Entries taken from a collection
******************************

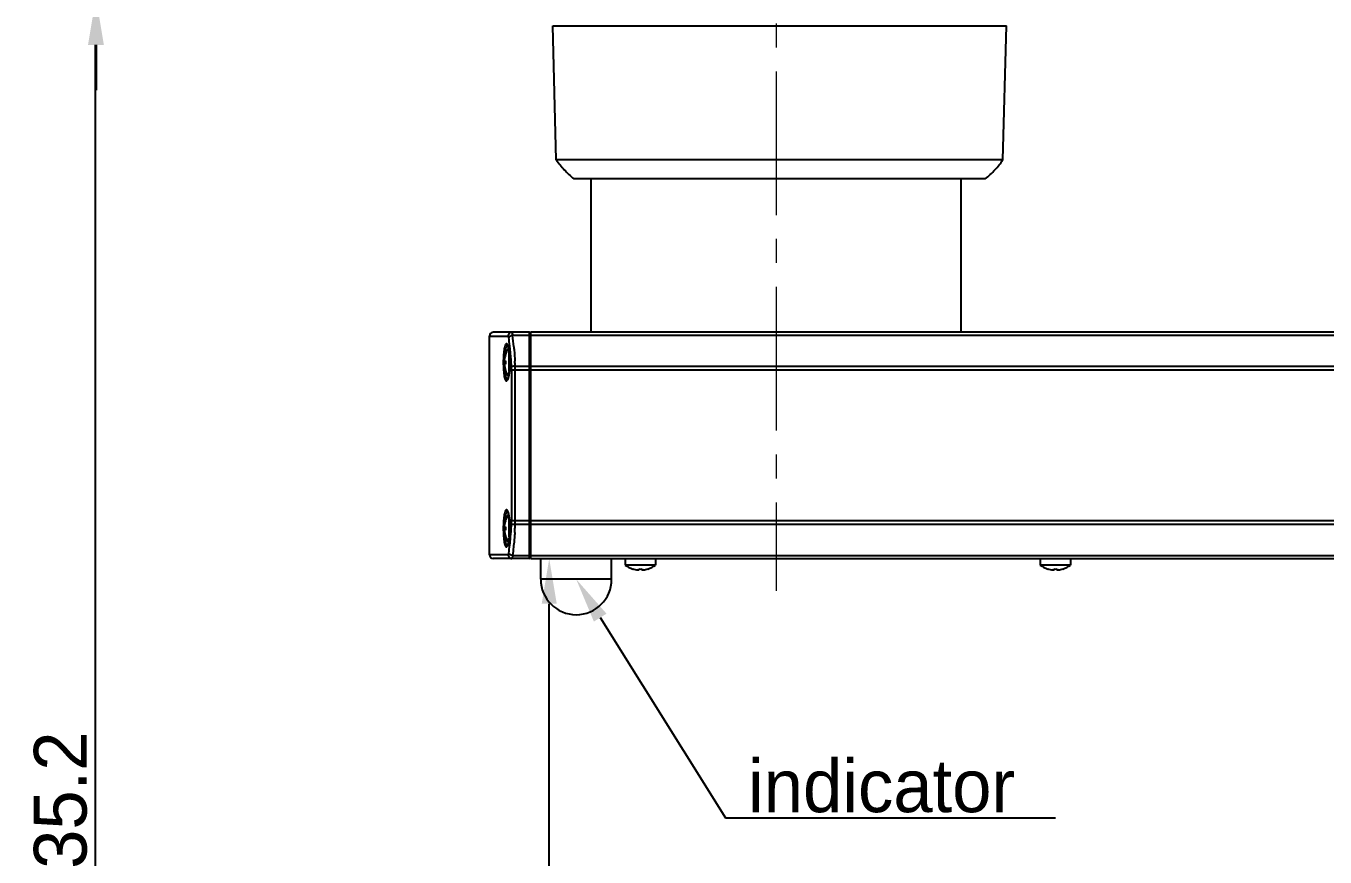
# Model space of a CAD drawing. Header units: millimetres. Extents: x 4086 to 8300, y 123 to 1549.
# Drawn here: x 6696.8 to 6868.9, y 976.3 to 1086.5 of the extents above; entities that cross this region are included whole.
import ezdxf
from ezdxf import colors
from ezdxf.entities.mleader import LeaderData, LeaderLine
from ezdxf.math import Vec2, Vec3

# ---------------------------------------------------------------- set-up
doc = ezdxf.new("R2010")
doc.units = ezdxf.units.MM
doc.linetypes.add('CENTER2', pattern=[28.575, 19.05, -3.175, 3.175, -3.175])
doc.layers.add('中心线层', color=7, linetype='CENTER2', lineweight=0)
doc.layers.add('标注层', color=7, linetype='Continuous', lineweight=0)
doc.layers.add('外形图', color=7, linetype='Continuous')
doc.styles.add('思源黑', font='SourceHanSansCN-Normal.ttf')
doc.dimstyles.new('尺寸标注_1_4比例', dxfattribs={"dimtxt": 7, "dimasz": 6, "dimexe": 2, "dimexo": 1.5, "dimgap": 1, "dimtad": 1, "dimdec": 1, "dimlfac": 4, "dimdsep": 46, "dimtxsty": '思源黑', "dimcen": 0.09, "dimadec": 0, "dimazin": 0, "dimtp": 0.01, "dimtm": 0.01, "dimtfac": 1, "dimtdec": 1, "dimtofl": 0, "dimtmove": 0, "dimatfit": 3, "dimfxl": 1, "dimtolj": 1, "dimarcsym": 0})

# ---------------------------------------------------------------- blocks, each defined once
blk = doc.blocks.new('*D1288')
at = {"layer": 'Defpoints', "color": 0}
for p in [(6724.63, 1097.49), (6706.08, 1089.99), (6724.63, 1089.99)]:
    blk.add_point(p, dxfattribs=at)
at = {"layer": '标注层', "color": 0, "lineweight": -2}
for p, q in [((6706.08, 1103.49), (6706.08, 1109.49)), ((6723.13, 1097.49), (6704.08, 1097.49)), ((6723.13, 1089.99), (6704.08, 1089.99)), ((6706.08, 1083.99), (6706.08, 1077.99))]:
    blk.add_line(p, q, dxfattribs=at)
at = {"layer": '标注层', "color": 0}
for points in [[(6705.08, 1103.49), (6707.08, 1103.49), (6706.08, 1097.49)], [(6707.08, 1083.99), (6705.08, 1083.99), (6706.08, 1089.99)]]:
    blk.add_solid(points, dxfattribs=at)
at = {"layer": '标注层', "color": 0, "insert": (6701.45, 1093.42), "char_height": 7, "attachment_point": 5, "rotation": 90, "style": '思源黑'}
blk.add_mtext('\\A1;30', dxfattribs=at)
blk = doc.blocks.new('*D1290')
at = {"layer": 'Defpoints', "color": 0}
for p in [(6705.98, 1089.99), (6723.13, 1089.99), (7085.41, 872.48)]:
    blk.add_point(p, dxfattribs=at)
at = {"layer": '标注层', "color": 0, "lineweight": -2}
for p, q in [((6721.63, 1089.99), (6703.98, 1089.99)), ((6705.98, 878.48), (6705.98, 1083.99)), ((7083.91, 872.48), (6703.98, 872.48))]:
    blk.add_line(p, q, dxfattribs=at)
at = {"layer": '标注层', "color": 0}
for points in [[(6706.98, 1083.99), (6704.98, 1083.99), (6705.98, 1089.99)], [(6704.98, 878.48), (6706.98, 878.48), (6705.98, 872.48)]]:
    blk.add_solid(points, dxfattribs=at)
at = {"layer": '标注层', "color": 0, "insert": (6701.35, 981.24), "char_height": 7, "attachment_point": 5, "rotation": 90, "style": '思源黑'}
blk.add_mtext('\\A1;435.2', dxfattribs=at)
blk = doc.blocks.new('*D1292')
at = {"layer": 'Defpoints', "color": 0}
for p in [(6827.13, 1097.49), (6990.69, 1097.49), (6915.43, 1087.13)]:
    blk.add_point(p, dxfattribs=at)
at = {"layer": '标注层', "color": 0, "lineweight": -2}
for p, q in [((6990.69, 1103.49), (6990.69, 1121.12)), ((6828.63, 1097.49), (6992.69, 1097.49)), ((6916.93, 1087.13), (6992.69, 1087.13)), ((6990.69, 1081.13), (6990.69, 1075.13))]:
    blk.add_line(p, q, dxfattribs=at)
at = {"layer": '标注层', "color": 0}
for points in [[(6989.69, 1103.49), (6991.69, 1103.49), (6990.69, 1097.49)], [(6991.69, 1081.13), (6989.69, 1081.13), (6990.69, 1087.13)]]:
    blk.add_solid(points, dxfattribs=at)
at = {"layer": '标注层', "color": 0, "insert": (6986.13, 1115.3), "char_height": 7, "attachment_point": 5, "rotation": 90, "style": '思源黑'}
blk.add_mtext('\\A1;22', dxfattribs=at)
blk = doc.blocks.new('*D1296')
at = {"layer": 'Defpoints', "color": 0}
for p in [(6825.63, 1097.49), (7146.83, 1097.49), (7071.18, 836.63)]:
    blk.add_point(p, dxfattribs=at)
at = {"layer": '标注层', "color": 0, "lineweight": -2}
for p, q in [((6827.13, 1097.49), (7148.83, 1097.49)), ((7146.83, 842.63), (7146.83, 1091.49)), ((7072.68, 836.63), (7148.83, 836.63))]:
    blk.add_line(p, q, dxfattribs=at)
at = {"layer": '标注层', "color": 0}
for points in [[(7147.83, 1091.49), (7145.83, 1091.49), (7146.83, 1097.49)], [(7145.83, 842.63), (7147.83, 842.63), (7146.83, 836.63)]]:
    blk.add_solid(points, dxfattribs=at)
at = {"layer": '标注层', "color": 0, "insert": (7142.2, 969.51), "char_height": 7, "attachment_point": 5, "rotation": 90, "style": '思源黑'}
blk.add_mtext('\\A1;523.7', dxfattribs=at)
blk = doc.blocks.new('*D1348')
at = {"layer": 'Defpoints', "color": 0}
for p in [(6763.68, 1015.88), (6766.1, 1015.88), (6905.35, 908.39)]:
    blk.add_point(p, dxfattribs=at)
at = {"layer": '标注层', "color": 0, "lineweight": -2}
for p, q in [((6765.18, 1015.88), (6768.1, 1015.88)), ((6766.1, 914.39), (6766.1, 1009.88)), ((6903.85, 908.39), (6764.1, 908.39))]:
    blk.add_line(p, q, dxfattribs=at)
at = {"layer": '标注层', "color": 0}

******************************

Write every line of the data out again exactly, leaving out all images.

#### [WRITTEN RESPONSE]
# Model space of a CAD drawing. Header units: millimetres. Extents: x 4086 to 8300, y 123 to 1549.
# Drawn here: x 6696.8 to 6868.9, y 976.3 to 1086.5 of the extents above; entities that cross this region are included whole.
import ezdxf
from ezdxf import colors
from ezdxf.entities.mleader import LeaderData, LeaderLine
from ezdxf.math import Vec2, Vec3

# ---------------------------------------------------------------- set-up
doc = ezdxf.new("R2010")
doc.units = ezdxf.units.MM
doc.linetypes.add('CENTER2', pattern=[28.575, 19.05, -3.175, 3.175, -3.175])
doc.layers.add('中心线层', color=7, linetype='CENTER2', lineweight=0)
doc.layers.add('标注层', color=7, linetype='Continuous', lineweight=0)
doc.layers.add('外形图', color=7, linetype='Continuous')
doc.styles.add('思源黑', font='SourceHanSansCN-Normal.ttf')
doc.dimstyles.new('尺寸标注_1_4比例', dxfattribs={"dimtxt": 7, "dimasz": 6, "dimexe": 2, "dimexo": 1.5, "dimgap": 1, "dimtad": 1, "dimdec": 1, "dimlfac": 4, "dimdsep": 46, "dimtxsty": '思源黑', "dimcen": 0.09, "dimadec": 0, "dimazin": 0, "dimtp": 0.01, "dimtm": 0.01, "dimtfac": 1, "dimtdec": 1, "dimtofl": 0, "dimtmove": 0, "dimatfit": 3, "dimfxl": 1, "dimtolj": 1, "dimarcsym": 0})

# ---------------------------------------------------------------- blocks, each defined once
blk = doc.blocks.new('*D1288')
at = {"layer": 'Defpoints', "color": 0}
for p in [(6724.63, 1097.49), (6706.08, 1089.99), (6724.63, 1089.99)]:
    blk.add_point(p, dxfattribs=at)
at = {"layer": '标注层', "color": 0, "lineweight": -2}
for p, q in [((6706.08, 1103.49), (6706.08, 1109.49)), ((6723.13, 1097.49), (6704.08, 1097.49)), ((6723.13, 1089.99), (6704.08, 1089.99)), ((6706.08, 1083.99), (6706.08, 1077.99))]:
    blk.add_line(p, q, dxfattribs=at)
at = {"layer": '标注层', "color": 0}
for points in [[(6705.08, 1103.49), (6707.08, 1103.49), (6706.08, 1097.49)], [(6707.08, 1083.99), (6705.08, 1083.99), (6706.08, 1089.99)]]:
    blk.add_solid(points, dxfattribs=at)
at = {"layer": '标注层', "color": 0, "insert": (6701.45, 1093.42), "char_height": 7, "attachment_point": 5, "rotation": 90, "style": '思源黑'}
blk.add_mtext('\\A1;30', dxfattribs=at)
blk = doc.blocks.new('*D1290')
at = {"layer": 'Defpoints', "color": 0}
for p in [(6705.98, 1089.99), (6723.13, 1089.99), (7085.41, 872.48)]:
    blk.add_point(p, dxfattribs=at)
at = {"layer": '标注层', "color": 0, "lineweight": -2}
for p, q in [((6721.63, 1089.99), (6703.98, 1089.99)), ((6705.98, 878.48), (6705.98, 1083.99)), ((7083.91, 872.48), (6703.98, 872.48))]:
    blk.add_line(p, q, dxfattribs=at)
at = {"layer": '标注层', "color": 0}
for points in [[(6706.98, 1083.99), (6704.98, 1083.99), (6705.98, 1089.99)], [(6704.98, 878.48), (6706.98, 878.48), (6705.98, 872.48)]]:
    blk.add_solid(points, dxfattribs=at)
at = {"layer": '标注层', "color": 0, "insert": (6701.35, 981.24), "char_height": 7, "attachment_point": 5, "rotation": 90, "style": '思源黑'}
blk.add_mtext('\\A1;435.2', dxfattribs=at)
blk = doc.blocks.new('*D1292')
at = {"layer": 'Defpoints', "color": 0}
for p in [(6827.13, 1097.49), (6990.69, 1097.49), (6915.43, 1087.13)]:
    blk.add_point(p, dxfattribs=at)
at = {"layer": '标注层', "color": 0, "lineweight": -2}
for p, q in [((6990.69, 1103.49), (6990.69, 1121.12)), ((6828.63, 1097.49), (6992.69, 1097.49)), ((6916.93, 1087.13), (6992.69, 1087.13)), ((6990.69, 1081.13), (6990.69, 1075.13))]:
    blk.add_line(p, q, dxfattribs=at)
at = {"layer": '标注层', "color": 0}
for points in [[(6989.69, 1103.49), (6991.69, 1103.49), (6990.69, 1097.49)], [(6991.69, 1081.13), (6989.69, 1081.13), (6990.69, 1087.13)]]:
    blk.add_solid(points, dxfattribs=at)
at = {"layer": '标注层', "color": 0, "insert": (6986.13, 1115.3), "char_height": 7, "attachment_point": 5, "rotation": 90, "style": '思源黑'}
blk.add_mtext('\\A1;22', dxfattribs=at)
blk = doc.blocks.new('*D1296')
at = {"layer": 'Defpoints', "color": 0}
for p in [(6825.63, 1097.49), (7146.83, 1097.49), (7071.18, 836.63)]:
    blk.add_point(p, dxfattribs=at)
at = {"layer": '标注层', "color": 0, "lineweight": -2}
for p, q in [((6827.13, 1097.49), (7148.83, 1097.49)), ((7146.83, 842.63), (7146.83, 1091.49)), ((7072.68, 836.63), (7148.83, 836.63))]:
    blk.add_line(p, q, dxfattribs=at)
at = {"layer": '标注层', "color": 0}
for points in [[(7147.83, 1091.49), (7145.83, 1091.49), (7146.83, 1097.49)], [(7145.83, 842.63), (7147.83, 842.63), (7146.83, 836.63)]]:
    blk.add_solid(points, dxfattribs=at)
at = {"layer": '标注层', "color": 0, "insert": (7142.2, 969.51), "char_height": 7, "attachment_point": 5, "rotation": 90, "style": '思源黑'}
blk.add_mtext('\\A1;523.7', dxfattribs=at)
blk = doc.blocks.new('*D1348')
at = {"layer": 'Defpoints', "color": 0}
for p in [(6763.68, 1015.88), (6766.1, 1015.88), (6905.35, 908.39)]:
    blk.add_point(p, dxfattribs=at)
at = {"layer": '标注层', "color": 0, "lineweight": -2}
for p, q in [((6765.18, 1015.88), (6768.1, 1015.88)), ((6766.1, 914.39), (6766.1, 1009.88)), ((6903.85, 908.39), (6764.1, 908.39))]:
    blk.add_line(p, q, dxfattribs=at)
at = {"layer": '标注层', "color": 0}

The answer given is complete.